> Problem requirements:
Below are records; copy every line among them that contains the word "boolean".

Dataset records
######
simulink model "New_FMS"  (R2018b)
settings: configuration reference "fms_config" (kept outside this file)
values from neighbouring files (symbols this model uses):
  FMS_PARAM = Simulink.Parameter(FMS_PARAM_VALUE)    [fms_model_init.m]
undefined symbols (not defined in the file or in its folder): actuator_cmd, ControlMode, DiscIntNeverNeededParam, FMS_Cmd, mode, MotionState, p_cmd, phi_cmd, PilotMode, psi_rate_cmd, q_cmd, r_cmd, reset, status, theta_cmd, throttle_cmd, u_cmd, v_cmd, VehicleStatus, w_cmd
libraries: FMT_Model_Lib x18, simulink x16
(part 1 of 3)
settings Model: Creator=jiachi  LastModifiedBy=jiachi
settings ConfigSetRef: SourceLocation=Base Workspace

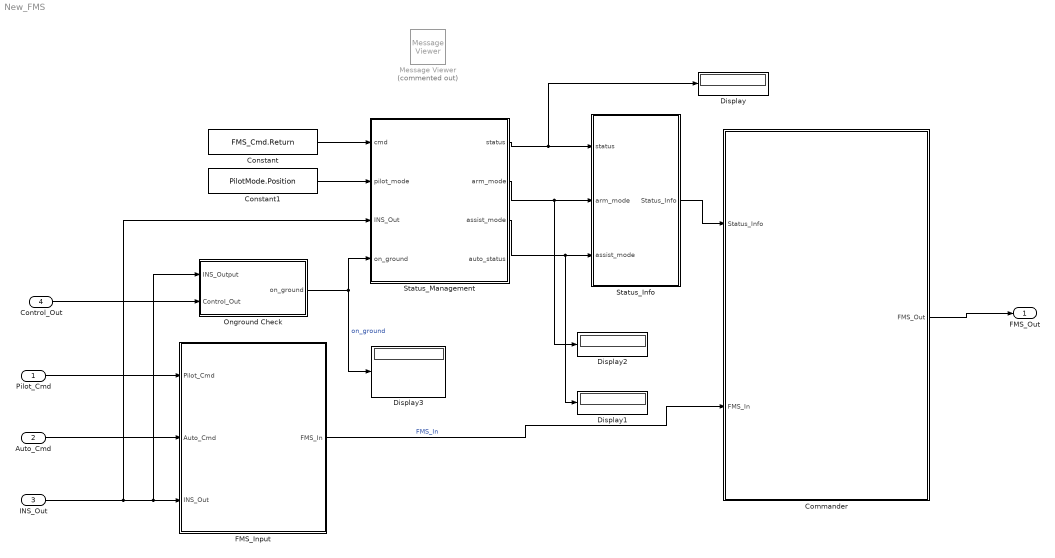
== system New_FMS ==
  Pilot_Cmd : Inport  OutDataTypeStr=Bus: Pilot_Cmd_Bus
  Auto_Cmd : Inport  Port=2  OutDataTypeStr=Bus: Auto_Cmd_Bus
  INS_Out : Inport  Port=3  OutDataTypeStr=Bus: INS_Out_Bus
  Control_Out : Inport  Port=4  OutDataTypeStr=Bus: Control_Out_Bus
  Commander : Subsystem
  Constant : Constant  Value=FMS_Cmd.Return  OutDataTypeStr=Enum: FMS_Cmd
  Constant1 : Constant  Value=PilotMode.Position  OutDataTypeStr=Enum: PilotMode
  Display{,1..3} (4 alike) : Display
  FMS_Input : Subsystem
  Message Viewer : MessageViewer  Commented=on  SavedRootId=#
  Onground Check : Subsystem
  Status_Info : Subsystem
  Status_Management : Stateflow chart  TreatAsAtomicUnit=on
  FMS_Out : Outport  OutDataTypeStr=Bus: FMS_Out_Bus
  wires:
  Status_Management/1(status) -> Status_Info/1(status), Display/1
  Constant/1 -> Status_Management/1(cmd)
  Commander/1(FMS_Out) -> FMS_Out/1
  Constant1/1 -> Status_Management/2(pilot_mode)
  Status_Management/2(arm_mode) -> Display2/1, Status_Info/2(arm_mode)
  Status_Management/3(assist_mode) -> Display1/1, Status_Info/3(assist_mode)
  Pilot_Cmd/1 -> FMS_Input/1(Pilot_Cmd)
  Auto_Cmd/1 -> FMS_Input/2(Auto_Cmd)
  INS_Out/1 -> Status_Management/3(INS_Out), Onground Check/1(INS_Output), FMS_Input/3(INS_Out)
  FMS_Input/1(FMS_In) -> Commander/2(FMS_In)  "FMS_In"
  Status_Info/1(Status_Info) -> Commander/1(Status_Info)
  Control_Out/1 -> Onground Check/2(Control_Out)
  Onground Check/1(on_ground) -> Display3/1, Status_Management/4(on_ground)  "on_ground"

== system New_FMS/Commander ==
  In Bus Element{3..4,6,9} (4 alike) : Inport  PortName=Status_Info
  In Bus Element2 : Inport  PortName=Status_Info  Element=vehicle_status
  In Bus Element{1,5,7..8} (4 alike) : Inport  Port=2  PortName=FMS_In
  Arm : Subsystem  TreatAsAtomicUnit=on
  Disarm : Subsystem  TreatAsAtomicUnit=on
  Land : Subsystem  TreatAsAtomicUnit=on
  Merge : Merge  Inputs=7
  Return : Subsystem  TreatAsAtomicUnit=on
  Standby : Subsystem  TreatAsAtomicUnit=on
  Status_Switch_Case : SwitchCase  CaseConditions={VehicleStatus.Disarm,VehicleStatus.Standby,VehicleStatus.Arm,VehicleStatus.Takeoff,VehicleStatus.Land,VehicleStatus.Return}
  Takeoff : Subsystem  TreatAsAtomicUnit=on
  Unknown : Subsystem  TreatAsAtomicUnit=on
  FMS_Out : Outport
  wires:
  Arm/1(FMS_Out) -> Merge/3
  Status_Switch_Case/6 -> Return/Action
  Takeoff/1(FMS_Out) -> Merge/4
  Status_Switch_Case/7 -> Unknown/Action
  Status_Switch_Case/2 -> Standby/Action
  Land/1(FMS_Out) -> Merge/5
  Unknown/1(FMS_Out) -> Merge/7
  Merge/1 -> FMS_Out/1
  Status_Switch_Case/1 -> Disarm/Action
  Status_Switch_Case/3 -> Arm/Action
  Status_Switch_Case/5 -> Land/Action
  Return/1(FMS_Out) -> Merge/6
  Status_Switch_Case/4 -> Takeoff/Action
  Disarm/1(FMS_Out) -> Merge/1
  Standby/1(FMS_Out) -> Merge/2
  In Bus Element3/1 -> Arm/1(Stauts_Info)
  In Bus Element1/1 -> Arm/2(FMS_In)
  In Bus Element2/1 -> Status_Switch_Case/1
  In Bus Element4/1 -> Takeoff/1(Status_Info)
  In Bus Element5/1 -> Takeoff/2(FMS_In)
  In Bus Element6/1 -> Land/1(Status_Info)
  In Bus Element7/1 -> Land/2(FMS_In)
  In Bus Element8/1 -> Return/2(FMS_In)
  In Bus Element9/1 -> Return/1(Status_Info)

== system New_FMS/FMS_Input ==
  Pilot_Cmd : Inport
  Auto_Cmd : Inport  Port=2
  INS_Out : Inport  Port=3
  Bus Creator : BusCreator  Inputs=4
  Bus Selector : BusSelector  OutputSignals=psi
  Pilot_Cmd_Process : Subsystem
  Psi To DCM : FMT_Model_Lib/Transformation/Psi To DCM
      settings: SourceProductName=FMT Toolbox
  Signal Copy : SignalConversion  OverrideOpt=off
  Signal Copy1 : SignalConversion  OverrideOpt=off
  FMS_In : Outport
  wires:
  Bus Creator/1 -> FMS_In/1
  Pilot_Cmd/1 -> Pilot_Cmd_Process/1(Pilot_Cmd)
  Auto_Cmd/1 -> Signal Copy/1
  INS_Out/1 -> Bus Selector/1, Signal Copy1/1  "INS_Out"
  Pilot_Cmd_Process/1(Pilot_Cmd_Proc) -> Bus Creator/1  "Pilot_Cmd_Proc"
  Bus Selector/1 -> Psi To DCM/1  "<psi>"
  Psi To DCM/1 -> Bus Creator/4  "M_CO"
  Signal Copy/1 -> Bus Creator/2  "Auto_Cmd"
  Signal Copy1/1 -> Bus Creator/3  "INS_Out"

== system New_FMS/Onground Check ==
  INS_Output : Inport
  Control_Out : Inport  Port=2
  Bus Selector1 : BusSelector  OutputSignals=actuator_cmd
  Bus Selector3 : BusSelector  OutputSignals=ax,ay,az
  Compare To Constant : simulink/Logic and Bit Operations/Compare To Constant  relop=<  const=1200  OutDataTypeStr=boolean
  Constant : Constant  Value=4  OutDataTypeStr=uint16
  Divide : Product  Inputs=*/
  First Order LPF : FMT_Model_Lib/Filter/First Order LPF  fc=1/(2*pi*0.5)
      settings: SourceProductName=FMT Toolbox
  First Order LPF1 : FMT_Model_Lib/Filter/First Order LPF  fc=1/(2*pi*0.1)
      settings: SourceProductName=FMT Toolbox
  Interval Test : simulink/Logic and Bit Operations/Interval Test  IntervalClosedRight=on  uplimit=[0.5, 0.5, -9.806+0.5]  IntervalClosedLeft=on  lowlimit=[-0.5, -0.5, -9.806-0.5]  OutDataTypeStr=boolean
  Logical Operator : Logic  Inputs=1  AllPortsSameDT=off  OutDataTypeStr=boolean
  Logical Operator1 : Logic  AllPortsSameDT=off  OutDataTypeStr=boolean
  Matrix Concatenate3 : Concatenate  NumInputs=3  ConcatenateDimension=2
  Selector : Selector  InputPortWidth=16  IndexOptions=Index vector (dialog)  Indices=[1:4]  OutputSizes=1
  Sum of Elements : Sum  Inputs=+
  sample_valid : Subsystem
  on_ground : Outport
  wires:
  Bus Selector3/2 -> Matrix Concatenate3/2  "<ay>"
  Compare To Constant/1 -> Logical Operator1/2
  Bus Selector3/3 -> Matrix Concatenate3/3  "<az>"
  Bus Selector1/1 -> Selector/1  "<actuator_cmd>"
  Bus Selector3/1 -> Matrix Concatenate3/1  "<ax>"
  Selector/1 -> Sum of Elements/1
  INS_Output/1 -> Bus Selector3/1
  Logical Operator1/1 -> sample_valid/1(valid)
  Control_Out/1 -> Bus Selector1/1
  Matrix Concatenate3/1 -> First Order LPF/1
  Interval Test/1 -> Logical Operator/1
  Sum of Elements/1 -> Divide/1
  Constant/1 -> Divide/2
  First Order LPF/1 -> Interval Test/1
  Divide/1 -> First Order LPF1/1
  First Order LPF1/1 -> Compare To Constant/1
  Logical Operator/1 -> Logical Operator1/1
  sample_valid/1(sample_valid) -> on_ground/1

== system New_FMS/Status_Info ==
  status : Inport
  arm_mode : Inport  Port=2
  assist_mode : Inport  Port=3
  Bus Creator : BusCreator  Inputs=3
  Signal Copy : SignalConversion  OverrideOpt=off
  Signal Copy1 : SignalConversion  OverrideOpt=off
  Signal Copy2 : SignalConversion  OverrideOpt=off
  Status_Info : Outport
  wires:
  status/1 -> Signal Copy/1
  arm_mode/1 -> Signal Copy1/1
  assist_mode/1 -> Signal Copy2/1
  Signal Copy/1 -> Bus Creator/1  "vehicle_status"
  Signal Copy1/1 -> Bus Creator/2  "arm_mode"
  Signal Copy2/1 -> Bus Creator/3  "assist_mode"
  Bus Creator/1 -> Status_Info/1

== system New_FMS/Commander/Arm ==
  In Bus Element2 : Inport  PortName=Stauts_Info
  In Bus Element : Inport  PortName=Stauts_Info  Element=arm_mode
  In Bus Element1 : Inport  Port=2  PortName=FMS_In
  Action Port : ActionPort  InitializeStates=reset  ActionType=case
  Assist : Subsystem  TreatAsAtomicUnit=on
  Auto : Subsystem  TreatAsAtomicUnit=on
  Manual : Subsystem  TreatAsAtomicUnit=on
  Merge : Merge  Inputs=4
  Switch Case : SwitchCase  CaseConditions={ArmMode.Manual, ArmMode.Assist, ArmMode.Auto}
  Unknown : Subsystem  TreatAsAtomicUnit=on
  FMS_Out : Outport
  wires:
  Merge/1 -> FMS_Out/1
  In Bus Element/1 -> Switch Case/1
  Switch Case/1 -> Manual/Action
  Switch Case/2 -> Assist/Action
  Switch Case/3 -> Auto/Action
  Switch Case/4 -> Unknown/Action
  Manual/1(FMS_Out) -> Merge/1
  Assist/1(FMS_Out) -> Merge/2
  Auto/1(FMS_Out) -> Merge/3
  Unknown/1(FMS_Out) -> Merge/4
  In Bus Element2/1 -> Assist/1(Stauts_Info)
  In Bus Element1/1 -> Assist/2(FMS_In)

== system New_FMS/Commander/Disarm ==
  Action Port : ActionPort  InitializeStates=reset  ActionType=case
  Bus Assignment : BusAssignment  AssignedSignals=reset,status,actuator_cmd
  Constant : Constant  Value=0  OutDataTypeStr=Bus: FMS_Out_Bus
  Constant1 : Constant  Value=VehicleStatus.Disarm  OutDataTypeStr=Inherit: Inherit via back propagation
  Constant2 : Constant  OutDataTypeStr=Inherit: Inherit via back propagation
  Constant3 : Constant  Value=[1000;1000;1000;1000]  VectorParams1D=off  OutDataTypeStr=Inherit: Inherit via back propagation
  Constant4 : Constant  Value=zeros(12,1)  OutDataTypeStr=Inherit: Inherit via back propagation
  Mux : Mux  Inputs=2
  FMS_Out : Outport
  wires:
  Constant/1 -> Bus Assignment/1
  Bus Assignment/1 -> FMS_Out/1
  Constant2/1 -> Bus Assignment/2
  Constant1/1 -> Bus Assignment/3
  Constant3/1 -> Mux/1
  Constant4/1 -> Mux/2
  Mux/1 -> Bus Assignment/4

== system New_FMS/Commander/Land ==
  In Bus Element4 : Inport  PortName=Status_Info  Element=vehicle_status
  In Bus Element1 : Inport  Port=2  PortName=FMS_In
  Action Port : ActionPort  InitializeStates=reset  ActionType=case
  Bus Assignment1 : BusAssignment  AssignedSignals=reset,status,mode,psi_rate_cmd,u_cmd,v_cmd,w_cmd
  Constant : Constant  Value=0  OutDataTypeStr=Inherit: Inherit via back propagation
  Constant1 : Constant  Value=0  OutDataTypeStr=Bus: FMS_Out_Bus
  Constant2 : Constant  Value=ControlMode.POSCTL  OutDataTypeStr=Inherit: Inherit via back propagation
  Constant3 : Constant  Value=0  OutDataTypeStr=Inherit: Inherit via back propagation
  Constant4 : Constant  Value=0.5  OutDataTypeStr=Inherit: Inherit via back propagation
  Constant5 : Constant  Value=[0; 0]  OutDataTypeStr=single
  Position Command : Subsystem
  FMS_Out : Outport
  wires:
  Constant1/1 -> Bus Assignment1/1
  Constant/1 -> Bus Assignment1/5
  Position Command/2(v_cmd_mPs) -> Bus Assignment1/7
  In Bus Element1/1 -> Position Command/1(FMS_In)
  In Bus Element4/1 -> Bus Assignment1/3
  Constant2/1 -> Bus Assignment1/4
  Constant3/1 -> Bus Assignment1/2
  Position Command/1(u_cmd_mPs) -> Bus Assignment1/6
  Bus Assignment1/1 -> FMS_Out/1
  Constant4/1 -> Bus Assignment1/8
  Constant5/1 -> Position Command/2(home_xy_R)

== system New_FMS/Commander/Return ==
  In Bus Element4 : Inport  PortName=Status_Info  Element=vehicle_status
  In Bus Element : Inport  Port=2  PortName=FMS_In
  In Bus Element3 : Inport  Port=2  PortName=FMS_In
  Action Port : ActionPort  InitializeStates=reset  ActionType=case
  Bus Assignment1 : BusAssignment  AssignedSignals=reset,status,mode,u_cmd,v_cmd,w_cmd,psi_rate_cmd
  Constant2 : Constant  Value=0  OutDataTypeStr=Bus: FMS_Out_Bus
  Constant3 : Constant  Value=ControlMode.POSCTL  OutDataTypeStr=Inherit: Inherit via back propagation
  Constant4 : Constant  Value=0  OutDataTypeStr=Inherit: Inherit via back propagation
  Heading Commander : Subsystem
  L1 : Constant  Value=10  OutDataTypeStr=single
  Subsystem : Subsystem
  Sum : Sum  Inputs=+-|
  Velocity Commander : Subsystem
  FMS_Out : Outport
  wires:
  Bus Assignment1/1 -> FMS_Out/1
  In Bus Element/1 -> Subsystem/1(In1)
  Constant4/1 -> Bus Assignment1/2
  Constant3/1 -> Bus Assignment1/4
  In Bus Element4/1 -> Bus Assignment1/3
  Constant2/1 -> Bus Assignment1/1
  Subsystem/1(P1) -> Sum/2, Velocity Commander/1(P1)
  Subsystem/2(P2) -> Velocity Commander/2(P2), Sum/1
  Subsystem/3(P3) -> Velocity Commander/3(P3)
  L1/1 -> Velocity Commander/4(L1)
  Velocity Commander/1(u_cmd) -> Bus Assignment1/5
  Velocity Commander/2(v_cmd) -> Bus Assignment1/6
  Velocity Commander/3(w_cmd) -> Bus Assignment1/7
  In Bus Element3/1 -> Heading Commander/2(FMS_In), Velocity Commander/5(FMS_In)
  Heading Commander/1(psi_rad_cmd) -> Bus Assignment1/8
  Sum/1 -> Heading Commander/1(P1P2)  "P1P2"

== system New_FMS/Commander/Standby ==
  Action Port : ActionPort  InitializeStates=reset  ActionType=case
  Bus Assignment : BusAssignment  AssignedSignals=reset,status,actuator_cmd
  Constant : Constant  Value=0  OutDataTypeStr=Bus: FMS_Out_Bus
  Constant1 : Constant  Value=VehicleStatus.Standby  OutDataTypeStr=Inherit: Inherit via back propagation
  Constant2 : Constant  OutDataTypeStr=Inherit: Inherit via back propagation
  Constant3 : Constant  Value=[1150;1150;1150;1150]  VectorParams1D=off  OutDataTypeStr=Inherit: Inherit via back propagation
  Constant4 : Constant  Value=zeros(12,1)  OutDataTypeStr=Inherit: Inherit via back propagation
  Mux : Mux  Inputs=2
  FMS_Out : Outport
  wires:
  Constant1/1 -> Bus Assignment/3
  Constant3/1 -> Mux/1
  Mux/1 -> Bus Assignment/4
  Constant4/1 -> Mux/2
######
> Solution for this task:
  Compare To Constant : simulink/Logic and Bit Operations/Compare To Constant  relop=<  const=1200  OutDataTypeStr=boolean
  Interval Test : simulink/Logic and Bit Operations/Interval Test  IntervalClosedRight=on  uplimit=[0.5, 0.5, -9.806+0.5]  IntervalClosedLeft=on  lowlimit=[-0.5, -0.5, -9.806-0.5]  OutDataTypeStr=boolean
  Logical Operator : Logic  Inputs=1  AllPortsSameDT=off  OutDataTypeStr=boolean
  Logical Operator1 : Logic  AllPortsSameDT=off  OutDataTypeStr=boolean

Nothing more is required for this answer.